While reading Paul Lansky's lecture "The Importance of Being Digital," I was amazed by an example presented of an audio plugin named "Shapee" that could map the timbral qualities of one source audio onto the frequency components of another. Lansky demonstrated how the pitches of Brahms's lullaby, performed by an orchestra, could be shaped by the timbral components of a choir singing Perotin. The transformation resulted in a convincing approximation of Brahms's lullaby sung by a choir.
Though I could not find the actual Shapee application online, I did find Christopher Penrose's paper "Frequency Shaping of Audio Signals," which proposes the method that Shapee is based on. From this paper, I implemented my own Shapee application in Go. The transformation is much like a vocoder, using the STFT of the two audio files as well as a user-defined number of DFT filters to compute a mixture of the signals.
Orchestra performing Brahms's lullaby:
Choir performing Perotin:
Shapee (reborn)'s reproduction of Lansky's example:
The ability to time stretch audio while maintaining pitch is an important tool for sound designers, musicians, and for any situation where the timing of sound elements must be synchronized to some arbitrary guideline. The most popular algorithms used today are hand-designed to interpolate the missing pieces of the lengthened audio. The results can sometimes sound metallic or unnatural, especially when the audio is stretched substantially.
I am investigating whether a convolutional neural network could be of use in this audio manipulation problem. Audio super resolution is a related task in which a higher sample rate is achieved through deep-learned manipulation of the low-resolution signal. I intend to apply the methods of audio super resolution to the task of time stretching primarily to produce higher quality time stretching, but also as a general audio experiment that may result in interesting transformations.
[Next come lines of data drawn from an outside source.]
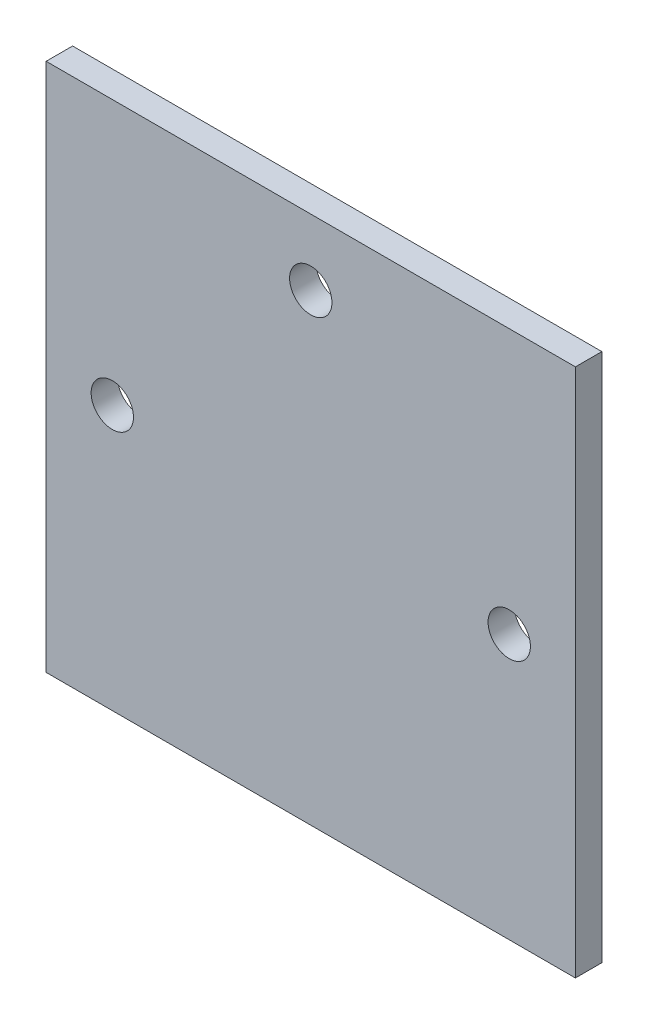
SolidWorks part; units mm, degrees
material "Простая углеродистая сталь"
ref_plane "Спереди" through (0, 0, 0) normal (0, 0, 1) x (1, 0, 0)
ref_plane "Сверху" through (0, 0, 0) normal (0, 1, 0) x (1, 0, 0)
ref_plane "Справа" through (0, 0, 0) normal (1, 0, 0) x (0, 0, -1)
sketch "Эскиз1" plane through (0, 0, 0) normal (0, 0, 1) x (1, 0, 0)
  line L1 (0, 0) -> (200, 0)
  line L2 (0, 0) -> (0, -200)
  line L3 (0, -200) -> (200, -200)
  line L4 (200, 0) -> (200, -200)
  line L5 (100, -200) -> (100, 0) construction
  line L6 (0, -100) -> (200, -100) construction
  point P192 (100, -100)
  dimension "D1" = 200
  dimension "D2" = 200
base flange "Базовая кромка1" sketch "Эскиз1" thickness 10 reverse thickness direction no parameters "D1"=0.8
sketch "Эскиз2" plane through (0, 0, -10) normal (0, 0, -1) x (-1, 0, 0)
  circle A0 centre (-63.2969, -37.2697) radius 7
  dimension "D1" = 14
sketch "Эскиз3" plane through (0, 0, -10) normal (0, 0, -1) x (-1, 0, 0)
  line L0 (-200, -200) -> (-200, 0) construction
  line L1 (0, -200) -> (-200, -200) construction
  line L2 (-200, 0) -> (0, 0) construction
  line L3 (-100, -200) -> (-100, -120.6294) construction
  circle A0 centre (-175, -100) radius 8
  circle A1 centre (-100, -25) radius 8
  circle A2 centre (-25, -100) radius 8
  dimension "D1" = 16
  dimension "D2" = 25
  dimension "D3" = 100
  dimension "D4" = 25
  dimension "D5" = 100
extrude "Вырез-Вытянуть1" cut sketch "Эскиз3" against normal blind 10 normal cut yes
sketch "Сгиб-Линии1" [suppressed] plane through (0, 0, 0) normal (0, 1, 0) x (1, 0, 0)
sketch "Граничная рамка1" [suppressed] plane through (0, 0, 0) normal (0, 1, 0) x (1, 0, 0)
sheet metal parameters "Листовой металл1" thickness 10 parameters "D1"=0.8
flat pattern "Развертка1" [suppressed]
sketch "Сгиб-Линии2" plane through (0, 0, 0) normal (0, 1, 0) x (1, 0, 0)
sketch "Граничная рамка2" [suppressed] plane through (0, 0, 0) normal (0, 1, 0) x (1, 0, 0)
sheet metal parameters "Листовой металл2" thickness 10 parameters "D1"=0.8
flat pattern "Развертка1" [suppressed]
sketch "Сгиб-Линии2" plane through (0, 0, 0) normal (0, 1, 0) x (1, 0, 0)
sketch3d "Граничная рамка2" [suppressed]
  line L0 (0, -200, 0) -> (200, -200, 0) construction
  line L1 (0, 0, 0) -> (200, 0, 0) construction
  line L2 (0, -200, 0) -> (0, 0, 0) construction
  line L3 (200, -200, 0) -> (200, 0, 0) construction
sketch "Эскиз2-1" plane through (0, 0, -10) normal (0, 0, -1) x (-1, 0, 0)
  circle A0 centre (-63.2969, -37.2697) radius 7
  dimension "D1" = 14
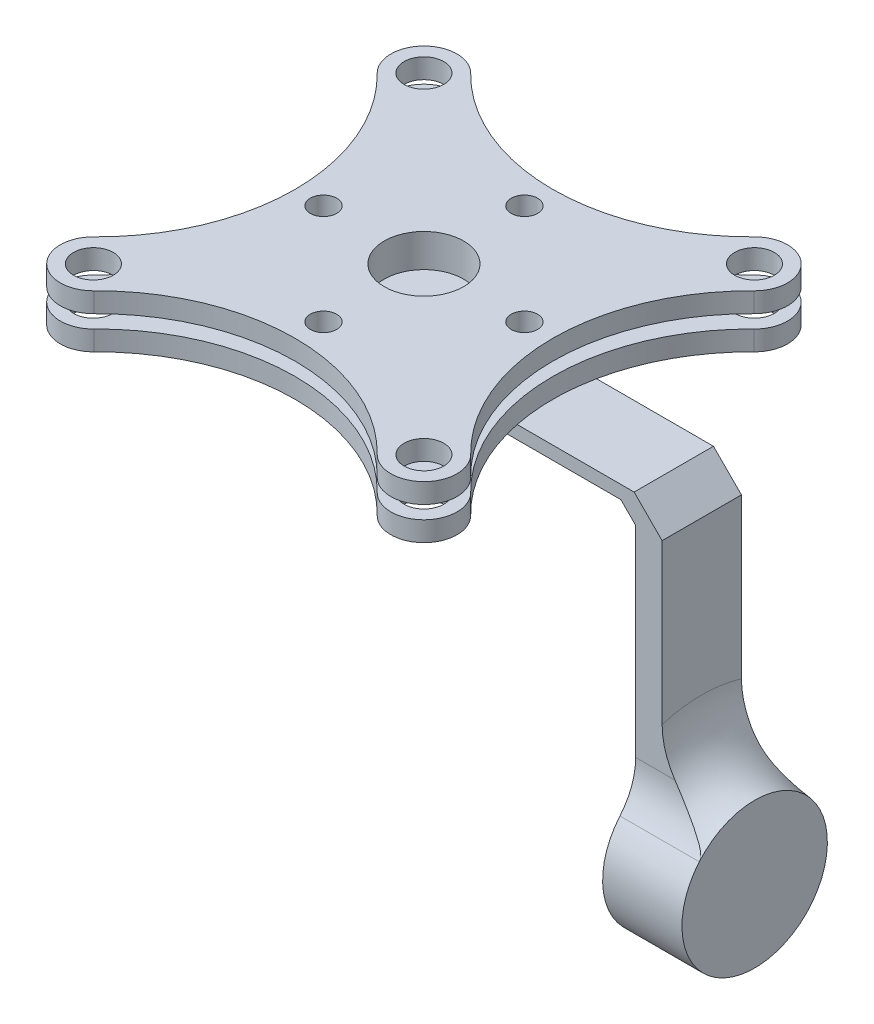
SolidWorks part; units mm, degrees
ref_plane "Front Plane" through (0, 0, 0) normal (0, 0, 1) x (1, 0, 0)
ref_plane "Top Plane" through (0, 0, 0) normal (0, 1, 0) x (1, 0, 0)
ref_plane "Right Plane" through (0, 0, 0) normal (1, 0, 0) x (0, 0, -1)
sketch "Sketch1" plane through (0, 0, 0) normal (0, 1, 0) x (1, 0, 0)
  circle A0 centre (0, 0) radius 27.5
  dimension "D1" = 55
extrude "Boss-Extrude1" add sketch "Sketch1" along normal blind 25
sketch "Sketch24" plane through (0, 25, 0) normal (0, 1, 0) x (1, 0, 0)
  line L0 (-126.9115, 0) -> (101.2807, 0) construction
  line L5 (-71.3388, -71.3388) -> (71.3388, 71.3388) construction
  line L6 (-71.3388, 71.3388) -> (71.3388, -71.3388) construction
  line L7 (0, 83.0143) -> (0, -89.5624) construction
  circle A0 centre (0, 0) radius 27.5
  arc A1 (-53.5714, 71.2482) -> (-71.2482, 53.5714) centre (-62.5, 62.5) ccw
  arc A2 (-53.5714, -71.2482) -> (-71.2482, -53.5714) centre (-62.5, -62.5) cw
  arc A3 (53.5714, 71.2482) -> (71.2482, 53.5714) centre (62.5, 62.5) cw
  arc A4 (53.5714, -71.2482) -> (71.2482, -53.5714) centre (62.5, -62.5) ccw
  arc A5 (-71.2482, -53.5714) -> (-71.2482, 53.5714) centre (-123.7372, 0) ccw
  arc A6 (71.2482, -53.5714) -> (71.2482, 53.5714) centre (123.7372, 0) cw
  arc A7 (53.5714, -71.2482) -> (-53.5714, -71.2482) centre (0, -123.7372) ccw
  arc A8 (53.5714, 71.2482) -> (-53.5714, 71.2482) centre (0, 123.7372) cw
  circle A9 centre (-62.5, 62.5) radius 7.5
  circle A10 centre (-62.5, -62.5) radius 7.5
  circle A11 centre (62.5, -62.5) radius 7.5
  circle A12 centre (62.5, 62.5) radius 7.5
  circle A13 centre (0, 38) radius 5
  circle A14 centre (38, 0) radius 5
  circle A15 centre (0, -38) radius 5
  circle A16 centre (-38, 0) radius 5
  point P42 (0, 0)
  dimension "D1" = 55
  dimension "D4" = 25
  dimension "D5" = 150
  dimension "D2" = 15
  dimension "D3" = 10
  dimension "D6" = 38
  dimension "D7" = 4
extrude "Boss-Extrude7" add sketch "Sketch24" against normal blind 7.5
extrude "Boss-Extrude8" add sketch "Sketch24<2>" against normal blind 7.5 from offset 12.5 offset against normal yes
sketch "Sketch24<2>" plane through (0, 25, 0) normal (0, 1, 0) x (1, 0, 0) same geometry as "Sketch24"
sketch "Sketch25" plane through (0, 25, 0) normal (0, 1, 0) x (1, 0, 0)
  circle A0 centre (0, 0) radius 15
  dimension "D1" = 30
extrude "Cut-Extrude6" cut sketch "Sketch25" against normal blind 12.5
sketch "Sketch9" plane through (0, 0, 0) normal (1, 0, 0) x (0, 0, -1)
  line L0 (-27.5, 0) -> (27.5, 0) construction
  line L1 (-15, 0) -> (15, 0)
  line L2 (-15, 0) -> (-15, 5)
  line L3 (-15, 5) -> (15, 5)
  line L4 (15, 0) -> (15, 5)
  dimension "D1" = 15
  dimension "D2" = 30
  dimension "D3" = 5
extrude "Boss-Extrude3" add sketch "Sketch9" along normal blind 94.49
sketch "Sketch32" plane through (0, 0, 15) normal (0, 0, 1) x (1, 0, 0)
  line L0 (94.49, 5) -> (94.49, 0)
  line L1 (94.49, 0) -> (89.4664, 0)
  line L2 (94.49, 0) -> (23.0489, 0) construction
  line L3 (89.4664, 0) -> (94.49, 5)
extrude "Cut-Extrude10" cut sketch "Sketch32" against normal blind 32
sketch "Sketch33" plane through (44.5229, -44.7327, 0) normal (0.7054, -0.7088, 0) x (0.7088, 0.7054, 0)
  line L4 (70.4986, -15) -> (70.4986, 15)
  line L5 (70.4986, 15) -> (63.4109, 15)
  line L6 (63.4109, 15) -> (63.4109, -15)
  line L7 (63.4109, -15) -> (70.4986, -15)
  line L8 (70.4986, -15) -> (70.4986, 15)
  line L9 (70.4986, 15) -> (63.4109, 15)
  line L10 (63.4109, 15) -> (63.4109, -15)
  line L11 (63.4109, -15) -> (70.4986, -15)
  dimension "D1" = 0
extrude "Boss-Extrude12" add sketch "Sketch33" along normal blind 15
sketch "Sketch34" plane through (0, 0, 15) normal (0, 0, 1) x (1, 0, 0)
  line L0 (105.0716, -5.6315) -> (95.0715, -5.6315)
  line L1 (100.0481, -10.6315) -> (89.4664, 0) construction
  line L2 (95.0715, -5.6315) -> (100.0481, -10.6315)
  line L3 (100.0481, -10.6315) -> (105.0716, -5.6315)
extrude "Cut-Extrude11" cut sketch "Sketch34" against normal blind 34
sketch "Sketch35" plane through (0, -5.6315, 0) normal (0, -1, 0) x (1, 0, 0)
  line L4 (105.0716, -15) -> (105.0716, 15)
  line L5 (105.0716, 15) -> (95.0715, 15)
  line L6 (95.0715, 15) -> (95.0715, -15)
  line L7 (95.0715, -15) -> (105.0716, -15)
  line L8 (105.0716, -15) -> (105.0716, 15)
  line L9 (105.0716, 15) -> (95.0715, 15)
  line L10 (95.0715, 15) -> (95.0715, -15)
  line L11 (95.0715, -15) -> (105.0716, -15)
  dimension "D1" = 0
extrude "Boss-Extrude13" add sketch "Sketch35" along normal blind 110
sketch "Sketch36" plane through (95.0715, 0, 0) normal (-1, 0, 0) x (0, 0, 1)
  line L0 (15, -115.6315) -> (-15, -115.6315) construction
  circle A0 centre (0, -115.6315) radius 27.5
  dimension "D1" = 55
extrude "Boss-Extrude14" add sketch "Sketch36" against normal blind 30
sketch "Sketch37" plane through (95.0715, 0, 0) normal (-1, 0, 0) x (0, 0, 1)
  circle A0 centre (0, -115.6315) radius 25.5
  dimension "D1" = 51
extrude "Cut-Extrude12" cut sketch "Sketch37" against normal blind 25
fillet "Fillet3" radius 25 5 edges at (23.0489, 2.5, 15) (23.0489, 2.5, -15) (100.0716, -92.5826, 15) (105.0716, -88.1315, 0) (100.0716, -92.5826, -15)
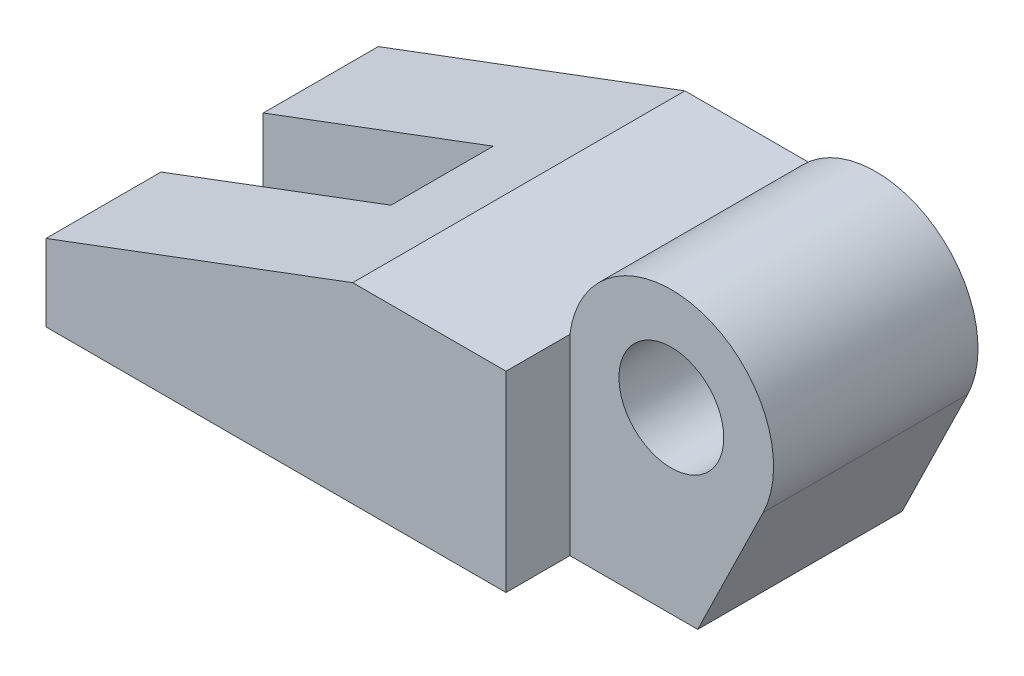
SolidWorks part; units mm, degrees
ref_plane "Front Plane" through (0, 0, 0) normal (0, 0, 1) x (1, 0, 0)
ref_plane "Top Plane" through (0, 0, 0) normal (0, 1, 0) x (1, 0, 0)
ref_plane "Right Plane" through (0, 0, 0) normal (1, 0, 0) x (0, 0, -1)
sketch "Sketch1" plane through (0, 0, 0) normal (0, 0, 1) x (1, 0, 0)
  line L0 (-18, -1.5) -> (6, 7.5)
  line L1 (6, 7.5) -> (18, 7.5)
  line L2 (-18, -1.5) -> (-18, -7.5)
  line L3 (-18, -7.5) -> (18, -7.5)
  line L4 (18, 7.5) -> (18, -7.5)
  line L5 (-18, 7.5) -> (18, -7.5) construction
  line L6 (-18, -7.5) -> (18, 7.5) construction
  line L7 (-18, 7.5) -> (6, 7.5) construction
  line L8 (-18, 7.5) -> (-18, -1.5) construction
  point P0 (0, 0)
  dimension "D1" = 36
  dimension "D2" = 15
  dimension "D3" = 6
  dimension "D4" = 12
extrude "Boss-Extrude2" add sketch "Sketch1" along normal blind 13 and the other way blind 13
sketch "Sketch3" plane through (0, -7.5, 0) normal (0, -1, 0) x (1, 0, 0)
  line L0 (-18, -13) -> (-18, 13) construction
  line L1 (-18, -4) -> (0, -4)
  line L2 (-18, -4) -> (-18, 4)
  line L3 (-18, 4) -> (0, 4)
  line L4 (0, -4) -> (0, 4)
  line L5 (-18, -13) -> (18, -13) construction
  dimension "D1" = 9
  dimension "D2" = 8
  dimension "D3" = 18
extrude "Cut-Extrude2" cut sketch "Sketch3" against normal through all
sketch "Sketch4" plane through (0, 0, 0) normal (0, 0, 1) x (1, 0, 0)
  line L0 (18, 7.5) -> (18, -7.5)
  line L1 (18, -7.5) -> (28, -7.5)
  line L2 (-22.0495, 6.5) -> (25.8842, 6.5) construction
  line L3 (28, -7.5) -> (33.125, 2.9876)
  arc A0 (33.125, 2.9876) -> (18, 7.5) centre (25.9373, 6.5) ccw
  dimension "D4" = 8
  dimension "D1" = 10
  dimension "D2" = 15
  dimension "D3" = 14
extrude "Boss-Extrude3" add sketch "Sketch4" along normal blind 8 and the other way blind 8
sketch "Sketch5" plane through (0, 0, 8) normal (0, 0, 1) x (1, 0, 0)
  circle A0 centre (25.9373, 6.5) radius 4.1
  arc A1 (33.125, 2.9876) -> (18, 7.5) centre (25.9373, 6.5) ccw construction
extrude "Cut-Extrude3" cut sketch "Sketch5" against normal through all

This project is an expressive tool for creating MIDI files from audio sources such that the MIDI instrument operates as a delay effect on the audio. This is accomplished by performing a short-time Fourier transform (STFT) on the entire audio file, and translating the resulting frequency decomposition into MIDI notes. The MIDI notes are then fed through a delay loop, creating the desired effect.
There are numerous languages that would work best for this project, such as Max/MSP or even Python. For a real-time, VST plug-in implementation, C++ would largely be the only choice. However, I decided that I would use this project as an opportunity to dive into a language I'm not familiar with and want to learn. So I wrote it in Go and am experimenting with the language's abilities in concurrency.